» Directions for this task: Out of the material that follows, write out exactly the lines from the line with "- C14: renamed" to the line with "- R13: renamed", both ends included, and no others.

» Input data:
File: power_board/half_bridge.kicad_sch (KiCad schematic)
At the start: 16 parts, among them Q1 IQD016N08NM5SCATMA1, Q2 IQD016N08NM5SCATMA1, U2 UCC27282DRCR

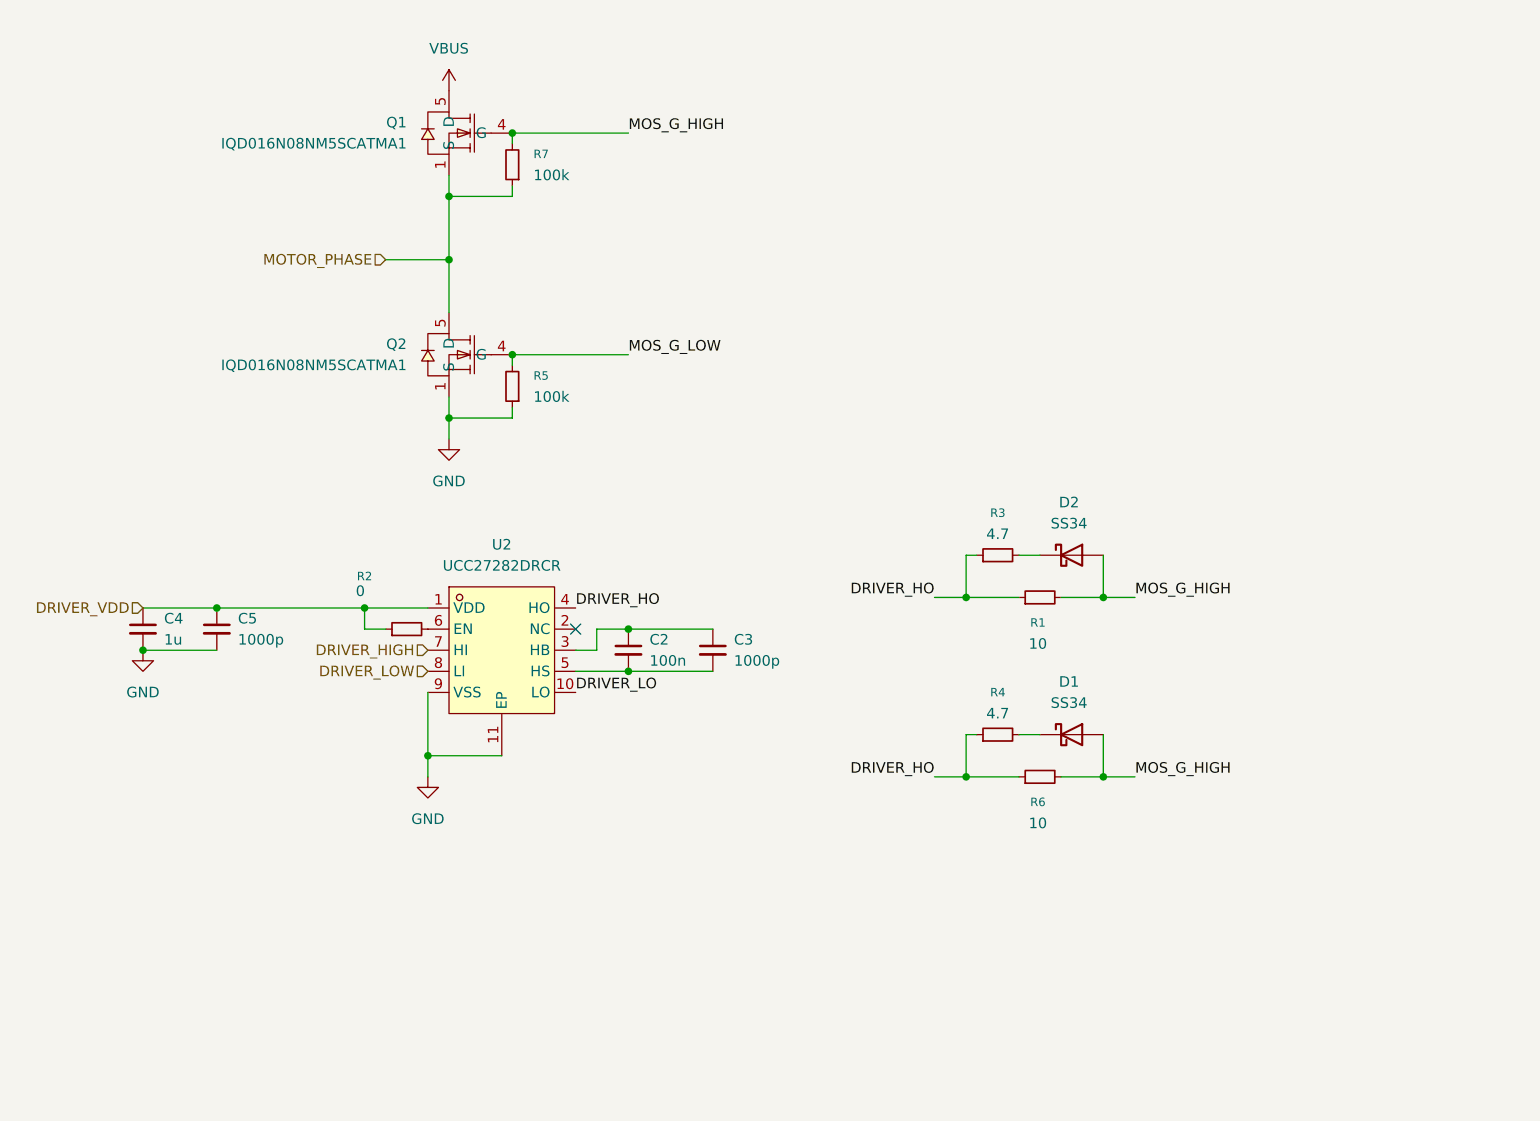
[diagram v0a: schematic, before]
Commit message: Seperat submodules into split sheets
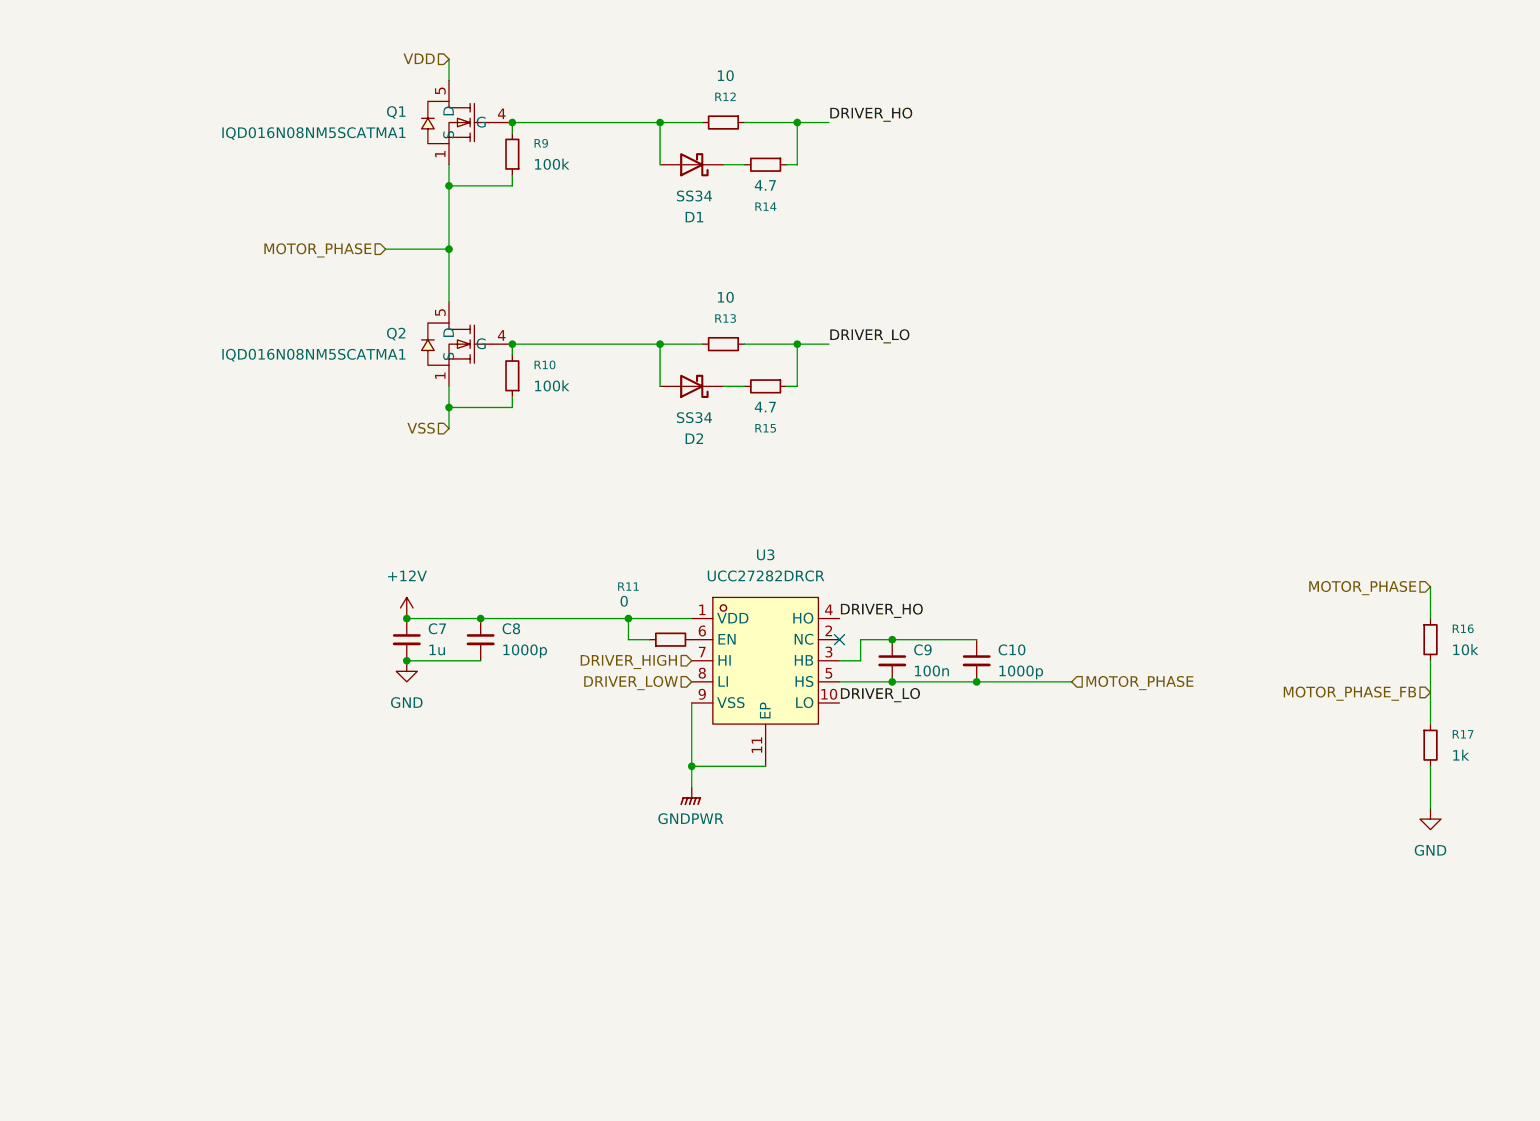
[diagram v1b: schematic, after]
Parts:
- added R16: 10k, symbol Device:R_Small
- added R17: 1k, symbol Device:R_Small
- renumbered C3 to C10, C4 to C7, C5 to C8, C2 to C9, D2 to D1, D1 to D2, R5 to R10, R2 to R11, R1 to R12, R6 to R13, R3 to R14, R4 to R15, R7 to R9, U2 to U3
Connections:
- net DRIVER_HO: no longer R13.1, R15.1
- net DRIVER_LO: now also R13.1, R15.1
- net GND: now also R17.2; no longer Q2.1 (S), R10.1, U3.11 (EP), U3.9 (VSS)
- net MOTOR_PHASE: now also C10.2, C9.2, U3.5 (HS), R16.1
- net DRIVER_VDD renamed +12V
- net MOS_G_HIGH: no longer names the net of D1.2 (A), Q1.4 (G), R12.2, R9.2
- net MOS_G_HIGH: no longer D2.2 (A), R13.2
- net MOS_G_LOW: no longer names the net of Q2.4 (G), R10.2
- net MOS_G_LOW: now also D2.2 (A), R13.2
- net VBUS renamed VDD
- new net GNDPWR: U3.11 (EP), U3.9 (VSS)
- new net MOTOR_PHASE_FB: R16.2, R17.1
- new net VSS: Q2.1 (S), R10.1
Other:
- moved on the sheet: C10, C7, C8, C9, D1, D2, Q1, Q2, R10, R11, R12, R13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

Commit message: Start multichannel layout
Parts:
- removed D1, D2: SS34, Diode_SMD:D_SMA, symbol Diode:SS34
- removed Q1, Q2: IQD016N08NM5SCATMA1, esc-library:PG-TSON-8_L6.0-W5.0_IQD020N10NM5ATMA1, symbol esc-library:IQD016N08NM5SCATMA1
- removed R11: 0, symbol Device:R_Small
- added D1, D2: B5819WS_C7420331, esc-library:SOD-323_L1.7-W1.3-LS2.5-FD, symbol esc-library:B5819WS_C7420331
- added Q1, Q2: BSC0702LS, esc-library:PG-TDSON-8_L5.0-W6.0-P1.27-BL-EP, symbol esc-library:BSC0702LS
- added U6: 66565S0M3, esc-library:CONN-SMD_66565S0M3, symbol esc-library:66565S0M3
- C13: renamed from C7; footprint (none) -> Capacitor_SMD:C_0603_1608Metric
- C14: renamed from C8; value 1000p -> 100n; footprint (none) -> Capacitor_SMD:C_0603_1608Metric
- C15: renamed from C9; footprint (none) -> Capacitor_SMD:C_0603_1608Metric
- C16: renamed from C10; footprint (none) -> Capacitor_SMD:C_0603_1608Metric
- R10: renamed from R15; footprint (none) -> Resistor_SMD:R_0603_1608Metric
- R11: renamed from R14; footprint (none) -> Resistor_SMD:R_0603_1608Metric
- R12: renamed from R13; footprint (none) -> Resistor_SMD:R_0603_1608Metric
- R13: renamed from R12; footprint (none) -> Resistor_SMD:R_0603_1608Metric
- R14: renamed from R10; footprint (none) -> Resistor_SMD:R_0603_1608Metric
- R15: renamed from R9; footprint (none) -> Resistor_SMD:R_0603_1608Metric
- R16, R17: footprint (none) -> Resistor_SMD:R_0603_1608Metric
- renumbered U3 to U5
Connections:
- net +12V: now also U5.6 (EN)
- net GND: no longer C13.2, C14.2
- net GNDPWR: now also C13.2, C14.2
- net MOTOR_PHASE: now also Q1.1 (S), Q1.2 (S), Q1.3 (S), Q2.5 (D), Q2.6 (D), Q2.7 (D), Q2.8 (D), U6.1
- net VDD: now also Q1.5 (D), Q1.6 (D), Q1.7 (D), Q1.8 (D)
- net VSS: now also Q2.1 (S), Q2.2 (S), Q2.3 (S)
- net at R13.2, R15.2: now also D2.1 (A), Q1.4 (G)
- net at R11.2: now also D2.2 (K)
- net at R12.2, R14.2: now also D1.1 (A), Q2.4 (G)
- net at R10.2: now also D1.2 (K)
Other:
- moved on the sheet: C13, C14, C15, C16, R10, R11, R12, R13, R14, R15, R16, R17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

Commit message: Complete primary layout step
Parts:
- added C13: 10u, Capacitor_SMD:C_1210_3225Metric, symbol Device:C_Small
- renumbered C14 to C10, C15 to C11, C16 to C12, C13 to C9, U5 to U3, U6 to U4
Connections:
- net VDD: now also C13.1
- net VSS: now also C13.2

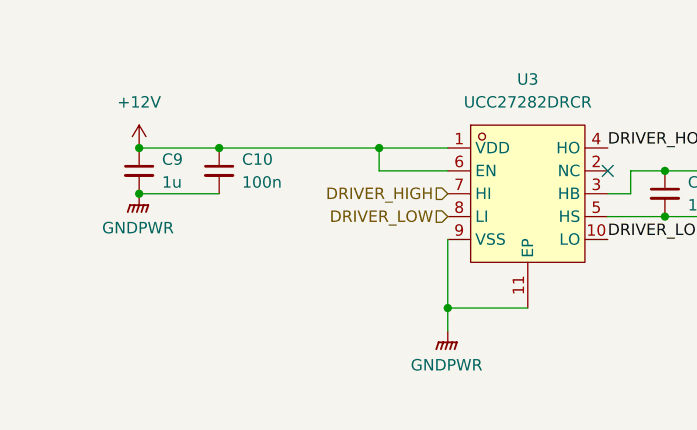
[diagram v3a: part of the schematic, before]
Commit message: Complete layout, and copper zone design
TODO!!!: move DCDC zone from GND area to PGND(current+)
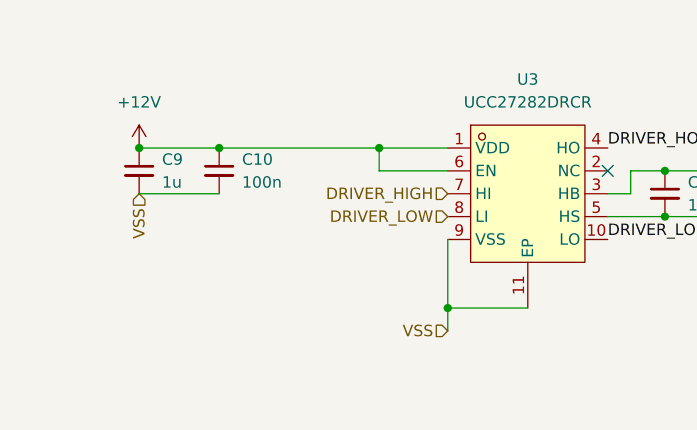
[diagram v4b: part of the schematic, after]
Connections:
- net GNDPWR is gone; now on net VSS: C10.2, C9.2, U3.11 (EP), U3.9 (VSS)
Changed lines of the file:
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@@
-	)
-	(junction
-		(at 60.96 134.62)
-		(diameter 0)
-		(color 0 0 0 0)
 	)
 	(junction
@@
 		)
 	)
+	(hierarchical_label "VSS"
+		(shape input)
+		(at 95.25 149.86 180)
+		(effects
+			(font
+				(size 1.27 1.27)
+			)
+			(justify right)
+		)
+	)
 	(hierarchical_label "MOTOR_PHASE"
 		(shape input)
@@
 		(shape input)
 		(at 95.25 137.16 180)
+		(effects
+			(font
+				(size 1.27 1.27)
+			)
+			(justify right)
+		)
+	)
+	(hierarchical_label "VSS"
+		(shape input)
+		(at 60.96 134.62 270)
 		(effects
 			(font
@@
 	)
 	(symbol
-		(lib_id "power:GNDPWR")
-		(at 95.25 149.86 0)
-		(unit 1)
-		(exclude_from_sim no)
-		(in_bom yes)
-		(on_board yes)
-		(dnp no)
-		(fields_autoplaced yes)
-		(property "Reference" "#PWR031"
-			(at 95.25 154.94 0)
-			(effects
-				(font
-					(size 1.27 1.27)
-				)
-				(hide yes)
-			)
-		)
-		(property "Value" "GNDPWR"
-			(at 95.123 153.67 0)
-			(effects
-				(font
-					(size 1.27 1.27)
-				)
-			)
-		)
-		(property "Footprint" ""
-			(at 95.25 151.13 0)
-			(effects
-				(font
-					(size 1.27 1.27)
-				)
-				(hide yes)
-			)
-		)
-		(property "Datasheet" ""
-			(at 95.25 151.13 0)
-			(effects
-				(font
-					(size 1.27 1.27)
-				)
-				(hide yes)
-			)
-		)
-		(property "Description" "Power symbol creates a global label with name \"GNDPWR\" , global ground"
-			(at 95.25 149.86 0)
-			(effects
-				(font
-					(size 1.27 1.27)
-				)
-				(hide yes)
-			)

» Answer to this problem:
- C14: renamed from C8; value 1000p -> 100n; footprint (none) -> Capacitor_SMD:C_0603_1608Metric
- C15: renamed from C9; footprint (none) -> Capacitor_SMD:C_0603_1608Metric
- C16: renamed from C10; footprint (none) -> Capacitor_SMD:C_0603_1608Metric
- R10: renamed from R15; footprint (none) -> Resistor_SMD:R_0603_1608Metric
- R11: renamed from R14; footprint (none) -> Resistor_SMD:R_0603_1608Metric
- R12: renamed from R13; footprint (none) -> Resistor_SMD:R_0603_1608Metric
- R13: renamed from R12; footprint (none) -> Resistor_SMD:R_0603_1608Metric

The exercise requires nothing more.